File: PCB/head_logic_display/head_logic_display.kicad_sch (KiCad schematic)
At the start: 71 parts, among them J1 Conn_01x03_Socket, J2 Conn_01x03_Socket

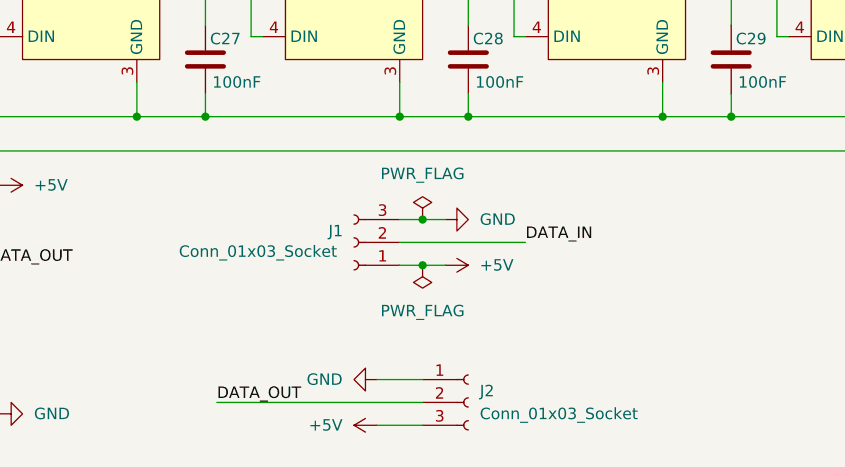
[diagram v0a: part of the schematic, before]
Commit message: Finish component placement
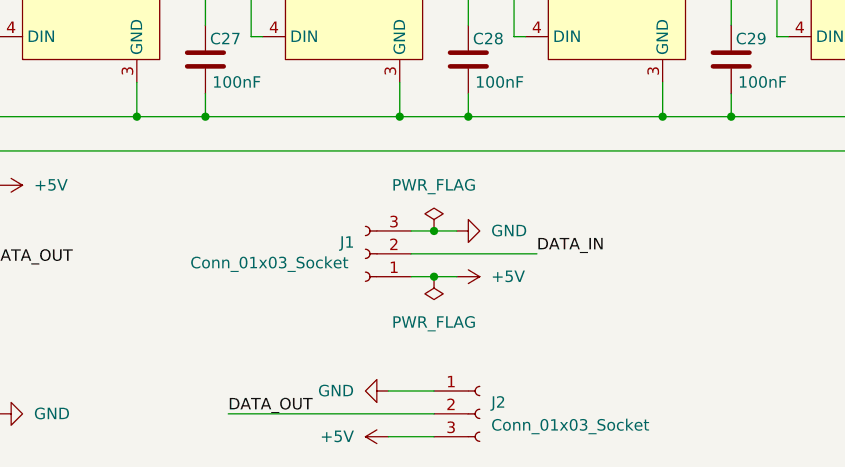
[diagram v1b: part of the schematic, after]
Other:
- moved on the sheet: J1, J2
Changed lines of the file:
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@@
 	)
 	(junction
-		(at 140.97 157.48)
+		(at 142.24 158.75)
 		(diameter 0)
 		(color 0 0 0 0)
@@
 	)
 	(junction
-		(at 140.97 152.4)
+		(at 142.24 153.67)
 		(diameter 0)
 		(color 0 0 0 0)
@@
 	(wire
 		(pts
-			(xy 140.97 157.48) (xy 143.51 157.48)
+			(xy 142.24 158.75) (xy 144.78 158.75)
 		)
 		(stroke
@@
 	(wire
 		(pts
-			(xy 138.43 154.94) (xy 152.4 154.94)
+			(xy 139.7 156.21) (xy 153.67 156.21)
 		)
 		(stroke
@@
 	(wire
 		(pts
-			(xy 135.89 170.18) (xy 140.97 170.18)
+			(xy 137.16 171.45) (xy 142.24 171.45)
 		)
 		(stroke
@@
 	(wire
 		(pts
-			(xy 118.11 172.72) (xy 140.97 172.72)
+			(xy 119.38 173.99) (xy 142.24 173.99)
 		)
 		(stroke
@@
 	(wire
 		(pts
-			(xy 138.43 157.48) (xy 140.97 157.48)
+			(xy 139.7 158.75) (xy 142.24 158.75)
 		)
 		(stroke
@@
 	(wire
 		(pts
-			(xy 138.43 152.4) (xy 140.97 152.4)
+			(xy 139.7 153.67) (xy 142.24 153.67)
 		)
 		(stroke
@@
 	(wire
 		(pts
-			(xy 140.97 152.4) (xy 143.51 152.4)
+			(xy 142.24 153.67) (xy 144.78 153.67)
 		)
 		(stroke
@@
 	(wire
 		(pts
-			(xy 135.89 175.26) (xy 140.97 175.26)
+			(xy 137.16 176.53) (xy 142.24 176.53)
 		)
 		(stroke
@@
 	)
 	(label "DATA_IN"
-		(at 152.4 154.94 0)
+		(at 153.67 156.21 0)
 		(fields_autoplaced yes)
 		(effects
@@
 	)
 	(label "DATA_OUT"
-		(at 118.11 172.72 0)
+		(at 119.38 173.99 0)
 		(fields_autoplaced yes)
 		(effects
@@
 	(symbol
 		(lib_id "power:PWR_FLAG")
-		(at 140.97 152.4 0)
+		(at 142.24 153.67 0)
 		(unit 1)
 		(exclude_from_sim no)
@@
 		(fields_autoplaced yes)
 		(property "Reference" "#FLG01"
-			(at 140.97 150.495 0)
+			(at 142.24 151.765 0)
 			(effects
 				(font
@@
 		)
 		(property "Value" "PWR_FLAG"
-			(at 140.97 147.32 0)
+			(at 142.24 148.59 0)
 			(effects
 				(font
@@
 		)
 		(property "Footprint" ""
-			(at 140.97 152.4 0)
+			(at 142.24 153.67 0)
 			(effects
 				(font
@@
 		)
 		(property "Datasheet" "~"
-			(at 140.97 152.4 0)
+			(at 142.24 153.67 0)
 			(effects
 				(font
@@
 		)
 		(property "Description" "Special symbol for telling ERC where power comes from"
-			(at 140.97 152.4 0)
+			(at 142.24 153.67 0)
 			(effects
 				(font
@@
 	(symbol
 		(lib_id "power:PWR_FLAG")
-		(at 140.97 157.48 180)
+		(at 142.24 158.75 180)
 		(unit 1)
 		(exclude_from_sim no)
@@
 		(fields_autoplaced yes)
 		(property "Reference" "#FLG02"
-			(at 140.97 159.385 0)
+			(at 142.24 160.655 0)
 			(effects
 				(font
@@
 		)
 		(property "Value" "PWR_FLAG"
-			(at 140.97 162.56 0)
+			(at 142.24 163.83 0)
 			(effects
 				(font
@@
 		)
 		(property "Footprint" ""
-			(at 140.97 157.48 0)
+			(at 142.24 158.75 0)
 			(effects
 				(font
@@
 		)
 		(property "Datasheet" "~"
-			(at 140.97 157.48 0)
+			(at 142.24 158.75 0)
 			(effects
 				(font
@@
 		)
 		(property "Description" "Special symbol for telling ERC where power comes from"
-			(at 140.97 157.48 0)
+			(at 142.24 158.75 0)
 			(effects
 				(font
@@
 	(symbol
 		(lib_id "Connector:Conn_01x03_Socket")
-		(at 133.35 154.94 180)
+		(at 134.62 156.21 180)
 		(unit 1)
 		(exclude_from_sim no)
@@
 		(dnp no)
 		(property "Reference" "J1"
-			(at 131.318 153.67 0)
+			(at 132.588 154.94 0)
 			(effects
 				(font
@@
 		)
 		(property "Value" "Conn_01x03_Socket"
-			(at 122.682 155.956 0)
+			(at 123.952 157.226 0)
 			(effects
 				(font
@@
 		)
 		(property "Footprint" "Connector_JST:JST_XH_S3B-XH-A-1_1x03_P2.50mm_Horizontal"
-			(at 133.35 154.94 0)
+			(at 134.62 156.21 0)
 			(effects
 				(font
@@
 		)
 		(property "Datasheet" "~"
-			(at 133.35 154.94 0)
+			(at 134.62 156.21 0)
 			(effects
 				(font
@@
 		)
 		(property "Description" "Generic connector, single row, 01x03, script generated"
-			(at 133.35 154.94 0)
+			(at 134.62 156.21 0)
 			(effects
 				(font
@@
 	(symbol
 		(lib_id "power:GND")
-		(at 135.89 170.18 270)
+		(at 137.16 171.45 270)
 		(unit 1)
 		(exclude_from_sim no)
@@
 		(fields_autoplaced yes)
 		(property "Reference" "#PWR024"
-			(at 129.54 170.18 0)
+			(at 130.81 171.45 0)
 			(effects
 				(font
@@
 		)
 		(property "Value" "GND"
-			(at 132.08 170.1799 90)
+			(at 133.35 171.4499 90)
 			(effects
 				(font
@@
 		)
 		(property "Footprint" ""
-			(at 135.89 170.18 0)
+			(at 137.16 171.45 0)
 			(effects
 				(font
@@
 		)
 		(property "Datasheet" ""
-			(at 135.89 170.18 0)
+			(at 137.16 171.45 0)
 			(effects
 				(font
@@
 		)
 		(property "Description" "Power symbol creates a global label with name \"GND\" , ground"
-			(at 135.89 170.18 0)
+			(at 137.16 171.45 0)
 			(effects
 				(font
@@
 	(symbol
 		(lib_id "Connector:Conn_01x03_Socket")
-		(at 146.05 172.72 0)
+		(at 147.32 173.99 0)
 		(unit 1)
 		(exclude_from_sim no)
@@
 		(fields_autoplaced yes)
 		(property "Reference" "J2"
-			(at 147.32 171.4499 0)
+			(at 148.59 172.7199 0)
 			(effects
 				(font
@@
 		)
 		(property "Value" "Conn_01x03_Socket"
-			(at 147.32 173.9899 0)
+			(at 148.59 175.2599 0)
 			(effects
 				(font
@@
 		)
 		(property "Footprint" "Connector_JST:JST_XH_S3B-XH-A-1_1x03_P2.50mm_Horizontal"
-			(at 146.05 172.72 0)
+			(at 147.32 173.99 0)
 			(effects
 				(font
@@
 		)
 		(property "Datasheet" "~"
-			(at 146.05 172.72 0)
+			(at 147.32 173.99 0)
 			(effects
 				(font
@@
 		)
 		(property "Description" "Generic connector, single row, 01x03, script generated"
-			(at 146.05 172.72 0)
+			(at 147.32 173.99 0)
 			(effects
 				(font
@@
 	(symbol
 		(lib_id "power:+5V")
-		(at 135.89 175.26 90)
+		(at 137.16 176.53 90)
 		(unit 1)
 		(exclude_from_sim no)
@@
 		(fields_autoplaced yes)
 		(property "Reference" "#PWR023"
-			(at 139.7 175.26 0)
+			(at 140.97 176.53 0)
 			(effects
 				(font
@@
 		)
 		(property "Value" "+5V"
-			(at 132.08 175.2599 90)
+			(at 133.35 176.5299 90)
 			(effects
 				(font
@@
 		)
 		(property "Footprint" ""
-			(at 135.89 175.26 0)
+			(at 137.16 176.53 0)
 			(effects
 				(font
@@
 		)
 		(property "Datasheet" ""
-			(at 135.89 175.26 0)
+			(at 137.16 176.53 0)
 			(effects
 				(font
@@
 		)
 		(property "Description" "Power symbol creates a global label with name \"+5V\""
-			(at 135.89 175.26 0)
+			(at 137.16 176.53 0)
 			(effects
 				(font
@@
 	(symbol
 		(lib_id "power:GND")
-		(at 143.51 152.4 90)
+		(at 144.78 153.67 90)
 		(unit 1)
 		(exclude_from_sim no)
@@
 		(fields_autoplaced yes)
 		(property "Reference" "#PWR021"
-			(at 149.86 152.4 0)
+			(at 151.13 153.67 0)
 			(effects
 				(font
@@
 		)
 		(property "Value" "GND"
-			(at 147.32 152.3999 90)
+			(at 148.59 153.6699 90)
 			(effects
 				(font
@@
 		)
 		(property "Footprint" ""
-			(at 143.51 152.4 0)
+			(at 144.78 153.67 0)
 			(effects
 				(font
@@
 		)
 		(property "Datasheet" ""
-			(at 143.51 152.4 0)
+			(at 144.78 153.67 0)
 			(effects
 				(font
@@
 		)
 		(property "Description" "Power symbol creates a global label with name \"GND\" , ground"
-			(at 143.51 152.4 0)
+			(at 144.78 153.67 0)
 			(effects
 				(font
@@
 	(symbol
 		(lib_id "power:+5V")
-		(at 143.51 157.48 270)
+		(at 144.78 158.75 270)
 		(unit 1)
 		(exclude_from_sim no)
@@
 		(fields_autoplaced yes)
 		(property "Reference" "#PWR022"
-			(at 139.7 157.48 0)
+			(at 140.97 158.75 0)
 			(effects
 				(font
@@
 		)
 		(property "Value" "+5V"
-			(at 147.32 157.4799 90)
+			(at 148.59 158.7499 90)
 			(effects
 				(font
@@
 		)
 		(property "Footprint" ""
-			(at 143.51 157.48 0)
+			(at 144.78 158.75 0)
 			(effects
 				(font
@@
 		)
 		(property "Datasheet" ""
-			(at 143.51 157.48 0)
+			(at 144.78 158.75 0)
 			(effects
 				(font
@@
 		)
 		(property "Description" "Power symbol creates a global label with name \"+5V\""
-			(at 143.51 157.48 0)
+			(at 144.78 158.75 0)
 			(effects
 				(font

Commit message: Finish board layout
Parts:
- added H1, H2: MountingHole_Pad, MountingHole:MountingHole_2.5mm_Pad_Via, symbol Mechanical:MountingHole_Pad
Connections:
- net GND: now also H1.1, H2.1

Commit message: Rev 1.0 boards ordered
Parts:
- J1, J2: now left out of the parts list
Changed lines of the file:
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@@
 	)
 	(symbol
+		(lib_name "Conn_01x03_Socket_1")
 		(lib_id "Connector:Conn_01x03_Socket")
 		(at 134.62 156.21 180)
 		(unit 1)
 		(exclude_from_sim no)
-		(in_bom yes)
+		(in_bom no)
 		(on_board yes)
 		(dnp no)
@@
 		(unit 1)
 		(exclude_from_sim no)
-		(in_bom yes)
+		(in_bom no)
 		(on_board yes)
 		(dnp no)

------

Problem details: Where a line in the material above holds "message", copy that line.

Your solution:
Commit message: Finish component placement
Commit message: Finish board layout
Commit message: Rev 1.0 boards ordered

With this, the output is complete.